Muijselaar, M. M., Kendeou, P., de Jong, P. F., & van den Broek, P. W. (2017). What does the CBM-Maze test measure? Scientific Studies of Reading, 21(2), 120-132. Retrieved from https://www.tandfonline.com

From the Abstract:
"In this study, we identified the code-related (decoding, fluency) and language comprehension (vocabulary, listening comprehension) demands of the CBM-Maze test, a formative assessment, and compared them to those of the Gates-MacGinitie test, a standardized summative assessment. The demands of these reading comprehension tests and their developmental patterns were examined with multigroup structural regression models in a sample of 274 children in Grades 4, 7, and 9. The results showed that the CBM-Maze test relied more on code-related than on language comprehension skills when compared to the Gates-MacGinitie test. These demands were relatively stable across grades."

Methods

Keywords and Search Strings: The following keywords, subject headings, and search strings were used to search reference databases and other sources: Assess* AND (literacy OR reading), (Monitoring OR growth OR progress OR measuring OR achievement), "Literacy assessment", "Adolescent literacy"

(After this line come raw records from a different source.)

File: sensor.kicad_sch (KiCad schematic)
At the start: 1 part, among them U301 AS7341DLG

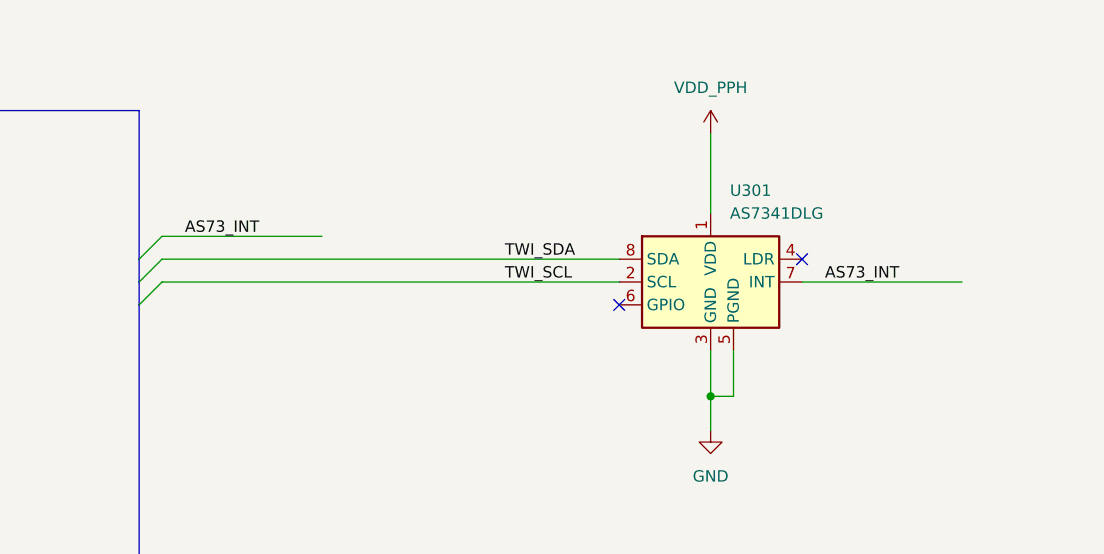
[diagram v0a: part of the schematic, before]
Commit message: Update Schematics - Add footprint to symbols.
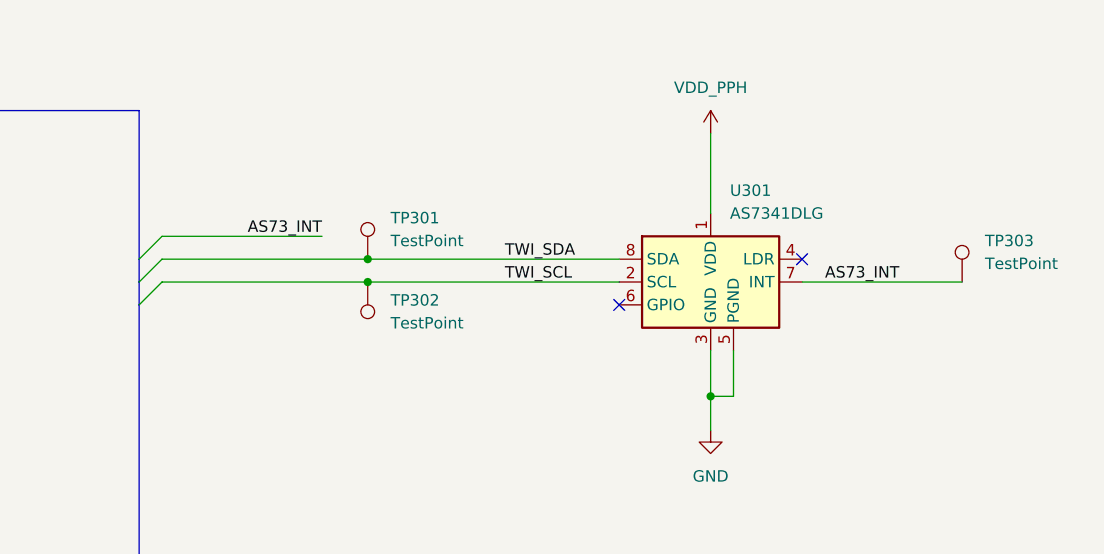
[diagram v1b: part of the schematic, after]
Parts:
- added TP301, TP302, TP303: TestPoint, TestPoint:TestPoint_Keystone_5005-5009_Compact, symbol Connector:TestPoint
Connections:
- net AS73_INT: now also TP303.1
- net TWI_SCL: now also TP302.1
- net TWI_SDA: now also TP301.1
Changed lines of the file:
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@@
+		(color 0 0 0 0)
+	)
+	(junction
+		(at 101.6 57.15)
+		(diameter 0)
+		(color 0 0 0 0)
+	)
+	(junction
+		(at 101.6 54.61)
+		(diameter 0)
 		(color 0 0 0 0)
 	)
@@
 		)
 	)
+	(wire
+		(pts
+			(xy 101.6 54.61) (xy 129.54 54.61)
+		)
+		(stroke
+			(width 0)
+			(type default)
+		)
+	)
 	(bus
 		(pts
@@
 	(wire
 		(pts
+			(xy 101.6 57.15) (xy 129.54 57.15)
+		)
+		(stroke
+			(width 0)
+			(type default)
+		)
+	)
+	(wire
+		(pts
 			(xy 26.67 33.02) (xy 39.37 33.02)
 		)
@@
 	(wire
 		(pts
-			(xy 78.74 54.61) (xy 129.54 54.61)
-		)
-		(stroke
-			(width 0)
-			(type default)
-		)
-	)
-	(wire
-		(pts
-			(xy 78.74 57.15) (xy 129.54 57.15)
+			(xy 78.74 54.61) (xy 101.6 54.61)
+		)
+		(stroke
+			(width 0)
+			(type default)
+		)
+	)
+	(wire
+		(pts
+			(xy 78.74 57.15) (xy 101.6 57.15)
 		)
 		(stroke
@@
 	)
 	(label "AS73_INT"
-		(at 81.28 52.07 0)
+		(at 96.52 52.07 180)
 		(effects
 			(font
 				(size 1.27 1.27)
 			)
-			(justify left bottom)
+			(justify right bottom)
 		)
 	)
@@
 	)
 	(symbol
+		(lib_id "Connector:TestPoint")
+		(at 101.6 54.61 0)
+		(unit 1)
+		(exclude_from_sim no)
+		(in_bom yes)
+		(on_board yes)
+		(dnp no)
+		(fields_autoplaced yes)
+		(property "Reference" "TP301"
+			(at 104.14 50.0379 0)
+			(effects
+				(font
+					(size 1.27 1.27)
+				)
+				(justify left)
+			)
+		)
+		(property "Value" "TestPoint"
+			(at 104.14 52.5779 0)
+			(effects
+				(font
+					(size 1.27 1.27)
+				)
+				(justify left)
+			)
+		)
+		(property "Footprint" "TestPoint:TestPoint_Keystone_5005-5009_Compact"
+			(at 106.68 54.61 0)
+			(effects
+				(font
+					(size 1.27 1.27)
+				)
+				(hide yes)
+			)
+		)
+		(property "Datasheet" "~"
+			(at 106.68 54.61 0)
+			(effects
+				(font
+					(size 1.27 1.27)
+				)
+				(hide yes)
+			)
+		)
+		(property "Description" "test point"
+			(at 101.6 54.61 0)
+			(effects
+				(font
+					(size 1.27 1.27)
+				)
+				(hide yes)
+			)
+		)
+		(pin "1"
+		)
+		(instances
+			(project "GreenHAir_Node"
+				(path "/0fb6cf8e-df3c-4656-9a7e-f74b2436dafb/818579d5-87db-498a-9939-a030b465af68"
+					(reference "TP301")
+					(unit 1)
+				)
+			)
+		)
+	)
+	(symbol
 		(lib_id "Sensor_Optical:AS7341DLG")
 		(at 139.7 57.15 0)
@@
 					(unit 1)
 				)
+			)
+		)
+	)
+	(symbol
+		(lib_id "Connector:TestPoint")
+		(at 167.64 57.15 0)
+		(unit 1)
+		(exclude_from_sim no)
+		(in_bom yes)
+		(on_board yes)
+		(dnp no)
+		(fields_autoplaced yes)
+		(property "Reference" "TP303"
+			(at 170.18 52.5779 0)
+			(effects
+				(font
+					(size 1.27 1.27)
+				)
+				(justify left)
+			)
+		)
+		(property "Value" "TestPoint"
+			(at 170.18 55.1179 0)
+			(effects
+				(font
+					(size 1.27 1.27)
+				)
+				(justify left)
+			)
+		)
+		(property "Footprint" "TestPoint:TestPoint_Keystone_5005-5009_Compact"
+			(at 172.72 57.15 0)
+			(effects
+				(font
+					(size 1.27 1.27)
+				)
+				(hide yes)
+			)
+		)
+		(property "Datasheet" "~"
+			(at 172.72 57.15 0)
+			(effects
+				(font
+					(size 1.27 1.27)
+				)
+				(hide yes)
+			)
+		)
+		(property "Description" "test point"
+			(at 167.64 57.15 0)
+			(effects
+				(font
+					(size 1.27 1.27)
+				)
+				(hide yes)
+			)
+		)
+		(pin "1"
+		)
+		(instances
+			(project "GreenHAir_Node"
+				(path "/0fb6cf8e-df3c-4656-9a7e-f74b2436dafb/818579d5-87db-498a-9939-a030b465af68"
+					(reference "TP303")
+					(unit 1)
+				)
+			)
+		)
+	)
+	(symbol
+		(lib_id "Connector:TestPoint")
+		(at 101.6 57.15 180)
+		(unit 1)
+		(exclude_from_sim no)
+		(in_bom yes)
+		(on_board yes)
+		(dnp no)
+		(fields_autoplaced yes)
+		(property "Reference" "TP302"
+			(at 104.14 59.1819 0)
+			(effects
+				(font
+					(size 1.27 1.27)
+				)
+				(justify right)
+			)
+		)
+		(property "Value" "TestPoint"
+			(at 104.14 61.7219 0)
+			(effects
+				(font
+					(size 1.27 1.27)
+				)
+				(justify right)
+			)
+		)
+		(property "Footprint" "TestPoint:TestPoint_Keystone_5005-5009_Compact"
+			(at 96.52 57.15 0)
+			(effects
+				(font
+					(size 1.27 1.27)
+				)
+				(hide yes)
+			)
+		)
+		(property "Datasheet" "~"
+			(at 96.52 57.15 0)
+			(effects
+				(font
+					(size 1.27 1.27)
+				)
+				(hide yes)
+			)
+		)
+		(property "Description" "test point"
+			(at 101.6 57.15 0)
+			(effects
+				(font
+					(size 1.27 1.27)
+				)
+				(hide yes)
+			)
+		)
+		(pin "1"
+		)
+		(instances
+			(project "GreenHAir_Node"
+				(path "/0fb6cf8e-df3c-4656-9a7e-f74b2436dafb/818579d5-87db-498a-9939-a030b465af68"
+					(reference "TP302")
+					(unit 1)
+				)

Databases and Resources: We searched ERIC for relevant resources. ERIC is a free online library of more than 1.6 million citations of education research sponsored by the Institute of Education Sciences (IES). Additionally, we searched Google Scholar and EBSCO databases (Academic Search Premier, Education Research Complete, and Professional Development Collection).

Reference Search and Selection Criteria

When we were searching and reviewing resources, we considered the following criteria:

Date of publications: This search and review included references and resources published in the last 10 years.

Search priorities of reference sources: Search priority was given to study reports, briefs, and other documents that are published and/or reviewed by IES and other federal or federally funded organizations, as well as academic databases, including ERIC, EBSCO databases, and Google Scholar.

Methodology: The following methodological priorities/considerations were given in the review and selection of the references:

  • Study types: randomized control trials, quasi experiments, surveys, descriptive data analyses, literature reviews, and policy briefs, generally in this order
  • Target population and samples: representativeness of the target population, sample size, and whether participants volunteered or were randomly selected
  • Study duration
  • Limitations and generalizability of the findings and conclusions

This memorandum is one in a series of quick-turnaround responses to specific questions posed by stakeholders in Alaska, Idaho, Montana, Oregon, and Washington, which is served by the Regional Educational Laboratory (REL) Northwest. It was prepared under Contract ED-IES-17-C-0009 by REL Northwest, administered by Education Northwest. The content does not necessarily reflect the views or policies of IES or the U.S. Department of Education, nor does mention of trade names, commercial products, or organizations imply endorsement by the U.S. Government.